The results of the federated and non-federated analysis were almost identical. This is in concordance with the results of a study by Cellamare et al. in which they mathematically have proven that the federated GLM used to implement the federated logistic regression is mathematically identical to centralized variant [29]. It has to be noted that algorithms to compute regressions are never exact. They provide estimates and differences may occur based on the chosen hyperparameter settings. The GitHub repository [30] has been erected to provide source code for those interested to empirically compare results from centralized and federated linear models.

Future perspectives

In the era of having more emphasis on data protection and privacy, benchmarking between hospitals might be more difficult if data pooling is required for the calculation of QIs. The results of our study reveal that benchmarking using federated PSS was possible which might improve the possibilities to compare benchmarks between countries.
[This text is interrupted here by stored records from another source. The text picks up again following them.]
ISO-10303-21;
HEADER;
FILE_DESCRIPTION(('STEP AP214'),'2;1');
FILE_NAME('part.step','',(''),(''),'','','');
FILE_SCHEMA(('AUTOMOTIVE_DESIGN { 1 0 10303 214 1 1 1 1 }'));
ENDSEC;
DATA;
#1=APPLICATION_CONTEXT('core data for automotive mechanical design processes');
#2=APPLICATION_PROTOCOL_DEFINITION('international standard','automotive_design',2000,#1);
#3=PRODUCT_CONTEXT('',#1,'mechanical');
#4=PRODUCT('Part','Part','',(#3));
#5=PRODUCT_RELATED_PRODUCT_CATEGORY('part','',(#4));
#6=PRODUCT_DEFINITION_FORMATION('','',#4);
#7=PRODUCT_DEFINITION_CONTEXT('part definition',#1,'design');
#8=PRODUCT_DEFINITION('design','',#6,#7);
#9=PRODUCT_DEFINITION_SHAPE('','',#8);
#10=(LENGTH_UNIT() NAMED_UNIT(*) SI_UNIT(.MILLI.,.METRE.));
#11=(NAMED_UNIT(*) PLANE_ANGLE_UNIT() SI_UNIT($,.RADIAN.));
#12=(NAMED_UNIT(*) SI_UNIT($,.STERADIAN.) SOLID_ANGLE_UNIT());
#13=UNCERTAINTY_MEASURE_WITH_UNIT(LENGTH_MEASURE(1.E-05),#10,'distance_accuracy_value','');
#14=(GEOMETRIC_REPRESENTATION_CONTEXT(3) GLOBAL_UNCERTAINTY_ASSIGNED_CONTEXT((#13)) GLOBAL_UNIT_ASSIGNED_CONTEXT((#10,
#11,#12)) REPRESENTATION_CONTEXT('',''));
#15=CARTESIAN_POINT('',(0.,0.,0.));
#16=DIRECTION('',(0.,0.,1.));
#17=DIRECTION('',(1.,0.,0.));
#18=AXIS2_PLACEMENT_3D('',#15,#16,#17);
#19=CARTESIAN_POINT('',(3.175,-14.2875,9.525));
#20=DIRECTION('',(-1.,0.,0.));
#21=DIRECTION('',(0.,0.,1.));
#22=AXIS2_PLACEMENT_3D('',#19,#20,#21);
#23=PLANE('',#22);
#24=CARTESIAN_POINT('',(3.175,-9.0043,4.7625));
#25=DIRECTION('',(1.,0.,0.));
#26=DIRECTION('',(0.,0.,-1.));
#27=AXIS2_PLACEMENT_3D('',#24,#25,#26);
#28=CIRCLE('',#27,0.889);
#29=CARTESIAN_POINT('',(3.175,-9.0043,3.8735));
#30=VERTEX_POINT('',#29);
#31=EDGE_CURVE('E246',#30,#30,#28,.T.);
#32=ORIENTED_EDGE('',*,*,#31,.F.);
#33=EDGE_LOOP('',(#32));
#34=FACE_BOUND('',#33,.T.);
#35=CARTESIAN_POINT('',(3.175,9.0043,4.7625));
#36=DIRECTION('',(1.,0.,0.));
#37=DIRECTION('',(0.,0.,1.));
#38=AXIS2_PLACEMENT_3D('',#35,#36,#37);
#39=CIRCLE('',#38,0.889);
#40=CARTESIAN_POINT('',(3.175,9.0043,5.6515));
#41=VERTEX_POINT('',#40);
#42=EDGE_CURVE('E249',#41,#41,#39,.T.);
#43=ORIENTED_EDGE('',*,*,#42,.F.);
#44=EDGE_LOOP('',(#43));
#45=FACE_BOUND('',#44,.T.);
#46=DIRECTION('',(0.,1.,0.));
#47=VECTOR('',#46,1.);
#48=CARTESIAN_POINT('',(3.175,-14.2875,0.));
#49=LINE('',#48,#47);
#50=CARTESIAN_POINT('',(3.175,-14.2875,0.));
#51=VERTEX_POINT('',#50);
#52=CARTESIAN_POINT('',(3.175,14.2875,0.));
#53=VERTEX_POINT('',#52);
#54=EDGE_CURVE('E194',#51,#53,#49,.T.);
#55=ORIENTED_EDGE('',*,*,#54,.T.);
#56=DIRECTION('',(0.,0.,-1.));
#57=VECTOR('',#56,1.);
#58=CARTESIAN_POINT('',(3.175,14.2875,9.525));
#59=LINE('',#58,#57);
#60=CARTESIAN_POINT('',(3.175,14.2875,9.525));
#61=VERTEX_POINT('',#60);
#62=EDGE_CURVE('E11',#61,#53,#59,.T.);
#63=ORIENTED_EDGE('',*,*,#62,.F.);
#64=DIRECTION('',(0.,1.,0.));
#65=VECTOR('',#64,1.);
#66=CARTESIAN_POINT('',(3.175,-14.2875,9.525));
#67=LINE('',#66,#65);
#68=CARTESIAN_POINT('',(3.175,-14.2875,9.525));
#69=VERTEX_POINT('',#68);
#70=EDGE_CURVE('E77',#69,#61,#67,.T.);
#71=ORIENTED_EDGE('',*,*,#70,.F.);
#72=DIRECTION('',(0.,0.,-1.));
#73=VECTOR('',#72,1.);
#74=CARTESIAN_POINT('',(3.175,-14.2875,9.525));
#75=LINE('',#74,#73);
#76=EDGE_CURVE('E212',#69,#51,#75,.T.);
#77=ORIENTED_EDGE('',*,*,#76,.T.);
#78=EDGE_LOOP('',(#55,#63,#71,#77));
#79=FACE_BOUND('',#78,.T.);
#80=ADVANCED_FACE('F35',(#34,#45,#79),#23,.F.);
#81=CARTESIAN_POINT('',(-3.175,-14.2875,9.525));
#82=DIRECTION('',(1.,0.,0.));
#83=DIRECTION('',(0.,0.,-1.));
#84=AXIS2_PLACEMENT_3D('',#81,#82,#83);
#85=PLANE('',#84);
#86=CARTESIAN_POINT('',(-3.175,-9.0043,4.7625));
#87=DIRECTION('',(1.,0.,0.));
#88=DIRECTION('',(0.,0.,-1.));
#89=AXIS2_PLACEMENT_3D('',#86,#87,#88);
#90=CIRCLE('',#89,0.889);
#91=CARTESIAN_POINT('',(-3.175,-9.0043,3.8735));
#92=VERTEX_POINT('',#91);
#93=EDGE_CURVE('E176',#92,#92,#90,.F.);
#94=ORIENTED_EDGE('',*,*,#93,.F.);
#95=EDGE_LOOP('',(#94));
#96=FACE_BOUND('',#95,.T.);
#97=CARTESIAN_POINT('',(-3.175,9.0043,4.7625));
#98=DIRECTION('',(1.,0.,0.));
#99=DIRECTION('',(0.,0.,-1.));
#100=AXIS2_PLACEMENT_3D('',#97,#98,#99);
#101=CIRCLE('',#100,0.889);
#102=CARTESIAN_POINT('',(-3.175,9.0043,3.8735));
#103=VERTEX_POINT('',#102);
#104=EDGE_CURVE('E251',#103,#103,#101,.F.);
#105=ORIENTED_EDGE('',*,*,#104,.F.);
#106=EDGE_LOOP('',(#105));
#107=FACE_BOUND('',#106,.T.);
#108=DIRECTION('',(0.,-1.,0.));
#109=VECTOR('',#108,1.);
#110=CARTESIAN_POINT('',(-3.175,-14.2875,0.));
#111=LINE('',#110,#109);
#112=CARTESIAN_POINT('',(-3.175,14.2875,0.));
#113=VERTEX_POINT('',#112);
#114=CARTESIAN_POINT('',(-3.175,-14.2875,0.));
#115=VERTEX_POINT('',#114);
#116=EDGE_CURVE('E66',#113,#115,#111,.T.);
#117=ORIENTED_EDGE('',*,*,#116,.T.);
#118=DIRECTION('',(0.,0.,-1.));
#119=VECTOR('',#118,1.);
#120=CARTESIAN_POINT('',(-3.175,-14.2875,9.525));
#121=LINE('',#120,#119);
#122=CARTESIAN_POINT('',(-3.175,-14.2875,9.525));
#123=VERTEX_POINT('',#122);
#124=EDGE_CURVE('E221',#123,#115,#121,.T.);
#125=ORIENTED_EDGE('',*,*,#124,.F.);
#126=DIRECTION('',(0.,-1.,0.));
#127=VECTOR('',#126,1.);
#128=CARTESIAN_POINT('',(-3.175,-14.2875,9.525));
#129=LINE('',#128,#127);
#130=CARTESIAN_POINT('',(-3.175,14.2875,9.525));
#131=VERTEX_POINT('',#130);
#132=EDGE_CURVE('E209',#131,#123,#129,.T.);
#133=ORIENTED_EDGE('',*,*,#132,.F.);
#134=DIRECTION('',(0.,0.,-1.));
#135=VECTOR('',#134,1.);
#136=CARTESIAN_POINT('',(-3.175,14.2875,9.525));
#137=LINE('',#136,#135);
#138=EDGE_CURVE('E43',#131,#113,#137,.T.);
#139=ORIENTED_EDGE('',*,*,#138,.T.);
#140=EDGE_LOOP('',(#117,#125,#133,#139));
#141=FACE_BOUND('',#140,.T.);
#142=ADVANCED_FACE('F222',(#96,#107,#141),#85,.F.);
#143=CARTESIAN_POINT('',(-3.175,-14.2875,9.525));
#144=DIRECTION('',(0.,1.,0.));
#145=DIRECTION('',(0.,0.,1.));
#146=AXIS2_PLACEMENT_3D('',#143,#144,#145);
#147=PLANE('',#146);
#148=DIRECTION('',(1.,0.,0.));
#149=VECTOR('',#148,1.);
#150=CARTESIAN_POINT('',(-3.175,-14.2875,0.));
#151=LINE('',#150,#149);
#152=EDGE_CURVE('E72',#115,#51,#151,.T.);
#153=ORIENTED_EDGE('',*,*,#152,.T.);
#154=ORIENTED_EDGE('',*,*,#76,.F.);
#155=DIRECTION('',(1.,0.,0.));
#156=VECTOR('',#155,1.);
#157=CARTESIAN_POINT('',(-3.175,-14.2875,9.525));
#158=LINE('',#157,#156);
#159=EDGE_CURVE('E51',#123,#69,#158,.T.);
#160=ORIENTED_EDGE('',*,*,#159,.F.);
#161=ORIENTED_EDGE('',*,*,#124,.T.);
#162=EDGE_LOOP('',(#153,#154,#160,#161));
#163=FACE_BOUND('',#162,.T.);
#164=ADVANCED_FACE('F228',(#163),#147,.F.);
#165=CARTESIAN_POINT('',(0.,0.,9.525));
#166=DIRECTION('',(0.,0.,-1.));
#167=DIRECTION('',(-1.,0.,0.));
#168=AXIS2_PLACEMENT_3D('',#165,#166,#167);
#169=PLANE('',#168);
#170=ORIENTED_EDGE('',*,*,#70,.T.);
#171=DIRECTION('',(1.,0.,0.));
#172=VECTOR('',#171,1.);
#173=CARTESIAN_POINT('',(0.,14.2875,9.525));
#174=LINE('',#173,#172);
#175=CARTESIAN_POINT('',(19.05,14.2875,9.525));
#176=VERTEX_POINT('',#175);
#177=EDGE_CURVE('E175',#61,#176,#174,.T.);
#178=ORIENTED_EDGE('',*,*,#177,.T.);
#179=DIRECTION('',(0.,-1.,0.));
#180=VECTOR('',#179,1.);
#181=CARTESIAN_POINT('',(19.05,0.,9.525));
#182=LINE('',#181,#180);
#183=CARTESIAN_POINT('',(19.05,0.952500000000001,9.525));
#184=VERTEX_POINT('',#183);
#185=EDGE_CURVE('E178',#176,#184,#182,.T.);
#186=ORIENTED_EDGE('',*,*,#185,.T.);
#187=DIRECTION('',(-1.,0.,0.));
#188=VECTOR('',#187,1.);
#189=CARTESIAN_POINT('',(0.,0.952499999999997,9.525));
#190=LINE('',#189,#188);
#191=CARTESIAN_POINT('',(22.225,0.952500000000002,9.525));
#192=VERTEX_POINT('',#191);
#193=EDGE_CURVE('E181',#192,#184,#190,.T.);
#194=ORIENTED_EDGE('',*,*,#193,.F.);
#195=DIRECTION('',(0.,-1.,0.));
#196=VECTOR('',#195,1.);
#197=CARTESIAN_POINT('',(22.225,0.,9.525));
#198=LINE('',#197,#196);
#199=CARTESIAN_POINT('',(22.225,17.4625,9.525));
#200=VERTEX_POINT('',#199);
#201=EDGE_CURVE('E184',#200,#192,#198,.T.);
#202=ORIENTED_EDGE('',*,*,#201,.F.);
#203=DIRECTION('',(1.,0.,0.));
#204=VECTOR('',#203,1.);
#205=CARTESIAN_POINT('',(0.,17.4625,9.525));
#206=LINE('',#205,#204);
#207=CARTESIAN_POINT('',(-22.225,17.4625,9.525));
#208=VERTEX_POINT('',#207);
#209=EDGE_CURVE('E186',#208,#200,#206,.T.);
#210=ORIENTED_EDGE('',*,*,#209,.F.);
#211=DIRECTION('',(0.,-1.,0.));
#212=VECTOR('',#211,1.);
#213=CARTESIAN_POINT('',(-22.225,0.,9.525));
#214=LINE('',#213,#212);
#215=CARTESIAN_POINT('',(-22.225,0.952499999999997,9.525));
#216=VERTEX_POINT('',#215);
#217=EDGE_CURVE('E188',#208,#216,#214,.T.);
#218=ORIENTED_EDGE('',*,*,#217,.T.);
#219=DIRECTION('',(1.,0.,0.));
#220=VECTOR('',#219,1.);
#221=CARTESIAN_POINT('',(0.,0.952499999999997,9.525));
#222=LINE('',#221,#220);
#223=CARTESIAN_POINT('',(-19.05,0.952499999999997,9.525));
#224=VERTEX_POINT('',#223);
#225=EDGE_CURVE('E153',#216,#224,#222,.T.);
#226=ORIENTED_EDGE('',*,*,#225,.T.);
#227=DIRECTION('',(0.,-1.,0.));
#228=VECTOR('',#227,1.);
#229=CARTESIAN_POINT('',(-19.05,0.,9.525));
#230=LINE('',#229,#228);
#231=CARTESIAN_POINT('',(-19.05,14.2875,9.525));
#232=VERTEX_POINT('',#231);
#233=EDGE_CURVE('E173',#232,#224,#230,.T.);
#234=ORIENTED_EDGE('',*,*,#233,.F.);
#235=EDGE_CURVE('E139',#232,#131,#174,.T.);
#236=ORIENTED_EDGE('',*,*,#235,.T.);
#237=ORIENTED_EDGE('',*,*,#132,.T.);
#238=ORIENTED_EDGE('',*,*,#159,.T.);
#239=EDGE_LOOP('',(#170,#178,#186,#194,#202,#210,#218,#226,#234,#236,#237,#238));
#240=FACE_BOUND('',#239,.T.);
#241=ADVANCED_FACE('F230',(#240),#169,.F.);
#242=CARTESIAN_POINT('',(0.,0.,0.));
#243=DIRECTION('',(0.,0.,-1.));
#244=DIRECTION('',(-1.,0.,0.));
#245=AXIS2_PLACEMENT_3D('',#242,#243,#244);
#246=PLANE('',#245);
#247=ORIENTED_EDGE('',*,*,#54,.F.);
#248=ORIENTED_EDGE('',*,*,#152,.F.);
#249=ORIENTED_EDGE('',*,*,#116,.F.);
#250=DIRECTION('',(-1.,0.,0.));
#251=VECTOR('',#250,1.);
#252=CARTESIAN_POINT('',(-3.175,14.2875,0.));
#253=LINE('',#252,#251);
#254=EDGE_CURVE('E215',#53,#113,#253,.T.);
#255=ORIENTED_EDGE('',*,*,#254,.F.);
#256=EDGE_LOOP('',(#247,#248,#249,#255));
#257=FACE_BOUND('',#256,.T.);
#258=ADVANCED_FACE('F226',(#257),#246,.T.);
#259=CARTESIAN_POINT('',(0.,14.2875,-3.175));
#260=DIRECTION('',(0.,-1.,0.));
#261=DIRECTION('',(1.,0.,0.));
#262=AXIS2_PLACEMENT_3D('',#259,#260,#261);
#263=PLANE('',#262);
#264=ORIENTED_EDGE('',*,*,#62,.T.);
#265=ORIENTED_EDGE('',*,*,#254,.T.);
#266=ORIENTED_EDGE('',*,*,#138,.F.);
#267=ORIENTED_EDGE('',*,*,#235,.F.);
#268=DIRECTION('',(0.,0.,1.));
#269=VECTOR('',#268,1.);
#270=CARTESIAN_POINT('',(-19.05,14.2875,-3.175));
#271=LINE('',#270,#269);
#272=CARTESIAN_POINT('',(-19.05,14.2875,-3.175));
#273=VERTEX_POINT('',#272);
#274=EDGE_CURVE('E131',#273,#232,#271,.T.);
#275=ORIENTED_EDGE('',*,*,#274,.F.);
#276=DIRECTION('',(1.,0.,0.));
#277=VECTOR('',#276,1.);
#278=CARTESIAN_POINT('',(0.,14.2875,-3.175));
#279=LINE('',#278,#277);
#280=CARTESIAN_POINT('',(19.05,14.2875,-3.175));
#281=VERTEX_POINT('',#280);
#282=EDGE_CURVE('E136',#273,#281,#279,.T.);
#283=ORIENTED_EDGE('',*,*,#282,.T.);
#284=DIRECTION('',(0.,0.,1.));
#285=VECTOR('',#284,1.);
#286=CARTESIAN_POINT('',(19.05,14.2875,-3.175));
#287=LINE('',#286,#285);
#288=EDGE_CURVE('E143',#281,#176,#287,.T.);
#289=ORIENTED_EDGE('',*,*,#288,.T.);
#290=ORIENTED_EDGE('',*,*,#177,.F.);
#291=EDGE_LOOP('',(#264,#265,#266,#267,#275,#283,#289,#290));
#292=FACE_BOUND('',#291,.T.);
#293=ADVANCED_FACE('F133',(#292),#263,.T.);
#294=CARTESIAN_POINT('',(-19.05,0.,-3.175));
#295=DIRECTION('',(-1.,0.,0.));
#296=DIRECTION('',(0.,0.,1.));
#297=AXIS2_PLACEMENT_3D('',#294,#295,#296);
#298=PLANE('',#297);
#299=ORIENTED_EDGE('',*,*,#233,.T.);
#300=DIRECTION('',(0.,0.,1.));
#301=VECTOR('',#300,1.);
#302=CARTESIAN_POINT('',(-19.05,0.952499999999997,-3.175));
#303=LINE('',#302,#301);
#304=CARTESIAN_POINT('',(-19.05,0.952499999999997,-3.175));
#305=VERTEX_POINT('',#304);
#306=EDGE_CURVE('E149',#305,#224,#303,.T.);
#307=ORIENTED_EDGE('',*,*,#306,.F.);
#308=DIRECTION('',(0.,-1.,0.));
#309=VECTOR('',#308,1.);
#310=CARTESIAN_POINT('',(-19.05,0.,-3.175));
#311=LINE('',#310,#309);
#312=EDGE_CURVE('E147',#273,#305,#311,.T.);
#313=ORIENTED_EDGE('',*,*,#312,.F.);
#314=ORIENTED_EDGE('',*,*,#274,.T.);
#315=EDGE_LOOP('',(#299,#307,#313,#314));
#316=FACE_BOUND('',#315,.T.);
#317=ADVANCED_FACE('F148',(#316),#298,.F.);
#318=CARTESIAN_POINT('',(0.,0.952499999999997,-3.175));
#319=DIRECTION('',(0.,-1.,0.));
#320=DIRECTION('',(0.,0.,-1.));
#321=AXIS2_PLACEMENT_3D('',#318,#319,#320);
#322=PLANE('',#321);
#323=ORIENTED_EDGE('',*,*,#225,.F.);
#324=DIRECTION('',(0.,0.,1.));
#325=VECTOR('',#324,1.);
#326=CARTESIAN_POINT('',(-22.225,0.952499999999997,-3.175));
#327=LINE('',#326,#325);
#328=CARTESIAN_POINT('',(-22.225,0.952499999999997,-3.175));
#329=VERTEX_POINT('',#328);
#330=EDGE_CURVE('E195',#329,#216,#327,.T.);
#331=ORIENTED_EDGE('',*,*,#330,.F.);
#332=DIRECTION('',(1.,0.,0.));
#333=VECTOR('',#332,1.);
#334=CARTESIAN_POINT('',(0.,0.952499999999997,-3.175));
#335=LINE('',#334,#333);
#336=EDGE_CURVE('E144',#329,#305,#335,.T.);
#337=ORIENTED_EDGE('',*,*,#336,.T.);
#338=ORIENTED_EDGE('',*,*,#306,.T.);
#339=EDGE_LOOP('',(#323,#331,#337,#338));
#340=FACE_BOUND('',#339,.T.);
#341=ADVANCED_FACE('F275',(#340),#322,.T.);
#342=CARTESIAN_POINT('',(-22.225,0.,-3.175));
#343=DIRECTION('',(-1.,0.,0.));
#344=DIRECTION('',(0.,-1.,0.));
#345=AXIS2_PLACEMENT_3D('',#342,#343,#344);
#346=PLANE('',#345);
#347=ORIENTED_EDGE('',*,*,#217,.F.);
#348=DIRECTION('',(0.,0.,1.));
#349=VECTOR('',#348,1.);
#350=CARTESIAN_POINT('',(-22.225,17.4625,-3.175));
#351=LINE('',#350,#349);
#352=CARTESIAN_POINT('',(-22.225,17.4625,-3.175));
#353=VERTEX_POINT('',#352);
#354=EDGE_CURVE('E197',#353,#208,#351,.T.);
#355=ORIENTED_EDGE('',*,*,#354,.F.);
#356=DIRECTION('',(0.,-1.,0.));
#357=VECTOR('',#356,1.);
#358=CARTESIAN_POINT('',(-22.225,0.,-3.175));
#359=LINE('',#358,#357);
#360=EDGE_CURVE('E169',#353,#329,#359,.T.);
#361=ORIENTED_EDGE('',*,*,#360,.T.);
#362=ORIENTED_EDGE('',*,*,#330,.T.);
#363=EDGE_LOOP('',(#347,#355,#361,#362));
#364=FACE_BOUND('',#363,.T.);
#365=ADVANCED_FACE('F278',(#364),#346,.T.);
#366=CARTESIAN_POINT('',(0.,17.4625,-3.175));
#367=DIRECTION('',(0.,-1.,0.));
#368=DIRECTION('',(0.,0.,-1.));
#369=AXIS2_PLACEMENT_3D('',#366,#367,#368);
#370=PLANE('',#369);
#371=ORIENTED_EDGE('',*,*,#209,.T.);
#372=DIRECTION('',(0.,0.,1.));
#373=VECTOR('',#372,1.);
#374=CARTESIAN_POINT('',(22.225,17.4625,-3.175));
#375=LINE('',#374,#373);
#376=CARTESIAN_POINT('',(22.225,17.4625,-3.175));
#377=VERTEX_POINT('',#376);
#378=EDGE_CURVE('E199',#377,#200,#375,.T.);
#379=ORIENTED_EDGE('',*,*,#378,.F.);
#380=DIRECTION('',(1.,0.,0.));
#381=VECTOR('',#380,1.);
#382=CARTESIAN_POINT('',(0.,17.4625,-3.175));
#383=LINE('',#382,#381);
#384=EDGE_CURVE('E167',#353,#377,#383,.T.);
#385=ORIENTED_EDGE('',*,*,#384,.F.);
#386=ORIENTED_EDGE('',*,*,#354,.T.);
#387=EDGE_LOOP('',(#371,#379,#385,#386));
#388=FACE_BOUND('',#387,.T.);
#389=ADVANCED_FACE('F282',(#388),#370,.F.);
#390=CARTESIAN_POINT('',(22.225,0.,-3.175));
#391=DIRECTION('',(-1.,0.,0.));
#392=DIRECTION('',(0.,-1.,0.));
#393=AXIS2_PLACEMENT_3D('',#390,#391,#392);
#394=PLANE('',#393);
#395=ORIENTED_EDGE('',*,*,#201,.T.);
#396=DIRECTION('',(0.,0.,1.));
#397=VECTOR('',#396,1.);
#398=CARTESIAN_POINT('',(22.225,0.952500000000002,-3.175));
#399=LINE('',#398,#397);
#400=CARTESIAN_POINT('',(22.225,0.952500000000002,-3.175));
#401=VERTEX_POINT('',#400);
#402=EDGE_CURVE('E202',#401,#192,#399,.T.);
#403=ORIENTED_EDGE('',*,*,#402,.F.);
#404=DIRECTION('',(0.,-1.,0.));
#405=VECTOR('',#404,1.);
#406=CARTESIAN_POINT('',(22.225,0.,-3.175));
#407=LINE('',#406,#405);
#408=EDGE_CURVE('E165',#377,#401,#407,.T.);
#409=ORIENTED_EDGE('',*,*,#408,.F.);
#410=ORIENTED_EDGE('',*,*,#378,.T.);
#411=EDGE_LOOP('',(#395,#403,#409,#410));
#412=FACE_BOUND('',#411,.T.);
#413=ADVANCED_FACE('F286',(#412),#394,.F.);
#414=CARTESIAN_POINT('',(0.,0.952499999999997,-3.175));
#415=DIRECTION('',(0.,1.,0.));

For further studies, additional EUSOMA QIs and data of recent years should provide a more comprehensive view of the quality of breast cancer care. This could identify more areas for improvement and open discussions further ultimately improving the quality of care for breast cancer patients. Cancer registries should gather data on treatment and outcomes in a standardized manner following the FAIR principle (Findable, Accessible, Inter-operable, and Reusable), enabling federated learning easier. Automatic digital data extraction from for example cancer registries could decrease the registration burden.

Conclusion

In conclusion, propensity score stratification using federated analytics was successful in comparing QI between two countries, opening future possibilities on comparison of QIs without transfer of privacy-sensitive data and adhering to the highest standards of data governance and patient-privacy.